In most tropical and subtropical countries outplanting in the field occurs when the plants are 3–6 months old and 15–35 cm tall. Where Eucalyptus globulus is planted in monoculture plantations, de-brushing by tractor is often carried out. This is followed by ploughing and disking. In situations where this is impractical due to slope, rocky soil or lack of equipment, seedlings can be planted in holes in soil worked to at least 1 m in diameter around the hole. In all cases, it is preferable to leave some months between soil preparation and planting, to allow clods of soil to break down. On slopes in particularly wet or dry climates it is recommendable to prepare raised rows either to drain excess moisture or to capture scarce moisture, and in both cases plants go on the top of the mounds. Initial plant spacing ranges from 1 m × 1 m to 3.3 m × 3.3 m, depending on the purpose of the trees (use for pulp, fuel and posts allows closer spacing than use for sawn timber). For mechanization, a distance between rows of 3 m is necessary, and 3 m × 3 m is the minimum spacing necessary for mechanical weeding in two directions. A planting density of 4500 trees/ha and a survival rate of 64% are reported from Ethiopian community woodlots used for fuel and wooden poles. In Ethiopia farmers sometimes spread branches with mature fruits on the site, and when the fruits have opened and the seeds have been dispersed, the soil is kept moist to ensure germination. When the plants have established, the branches are removed, and later the stand is thinned to a suitable spacing.
Planting should be as early as possible after the start of the rainy season, to benefit fully from the rains and from the residual heat in the soil after a hot dry season. The moisture in the rootball gives some resilience to the seedling, allowing it to withstand a dry spell of up to 2–3 weeks between planting and the onset of consistent rains. If there are losses due to adverse conditions, it is imperative to plant replacements as soon as possible so as to maintain a uniform stand. Fertilization of the young plants can be effected from a few weeks to 3 months after planting by dressing a balanced fertilizer (according to soil conditions) at a distance of 10–30 cm from the plant.
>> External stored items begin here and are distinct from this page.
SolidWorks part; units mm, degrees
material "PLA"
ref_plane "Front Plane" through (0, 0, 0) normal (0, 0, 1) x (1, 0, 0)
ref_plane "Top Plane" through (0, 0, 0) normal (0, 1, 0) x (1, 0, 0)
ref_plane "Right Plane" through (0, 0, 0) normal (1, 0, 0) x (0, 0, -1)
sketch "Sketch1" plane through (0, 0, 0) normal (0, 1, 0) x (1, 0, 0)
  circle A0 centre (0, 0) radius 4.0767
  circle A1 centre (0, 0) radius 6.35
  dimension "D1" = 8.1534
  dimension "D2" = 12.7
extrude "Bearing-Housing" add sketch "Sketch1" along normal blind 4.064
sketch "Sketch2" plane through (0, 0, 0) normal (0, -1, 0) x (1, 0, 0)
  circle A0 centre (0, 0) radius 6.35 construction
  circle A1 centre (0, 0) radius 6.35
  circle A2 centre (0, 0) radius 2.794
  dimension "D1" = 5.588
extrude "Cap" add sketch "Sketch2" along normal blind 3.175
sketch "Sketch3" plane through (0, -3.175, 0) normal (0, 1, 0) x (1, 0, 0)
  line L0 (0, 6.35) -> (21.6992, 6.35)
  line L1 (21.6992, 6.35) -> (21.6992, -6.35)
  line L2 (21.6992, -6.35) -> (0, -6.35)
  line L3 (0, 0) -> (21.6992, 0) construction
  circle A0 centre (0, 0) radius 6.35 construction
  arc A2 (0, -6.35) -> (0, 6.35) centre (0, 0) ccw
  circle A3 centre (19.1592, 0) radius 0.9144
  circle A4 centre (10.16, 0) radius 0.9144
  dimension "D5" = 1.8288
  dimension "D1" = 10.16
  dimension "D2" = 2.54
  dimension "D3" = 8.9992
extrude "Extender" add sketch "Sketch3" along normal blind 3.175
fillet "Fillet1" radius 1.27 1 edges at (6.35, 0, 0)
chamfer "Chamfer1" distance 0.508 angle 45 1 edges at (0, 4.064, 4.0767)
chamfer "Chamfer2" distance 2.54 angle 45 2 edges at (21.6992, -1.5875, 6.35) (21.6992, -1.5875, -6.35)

Methods of in-vitro propagation have been developed using meristematic tips.
Weeding is critical in the first years of development, but becomes less important after closure of the canopy. Fertilization is common but not universal for young plants. For the production of timber, plantations are thinned at 6 and 10 years after planting, with up to 70% of the trees being removed.
The tree coppices well, and after harvest a number of shoots are allowed to coppice from the stump. In the first two years after harvest these are thinned to leave 1–3 shoots, depending on a preference for fewer, larger shoots or many smaller shoots. It is also possible to thin at 2–3 years and thus have an appreciable auxiliary harvest of small poles in addition to the main harvest years later. With each successive harvest, fewer of the cut stumps coppice, which is why normally 3 coppice harvests are considered the maximum before necessary replanting. However, a site in the Nilgiri mountains (India) is said to have produced satisfactorily for over 100 years on 10 year coppice rotations.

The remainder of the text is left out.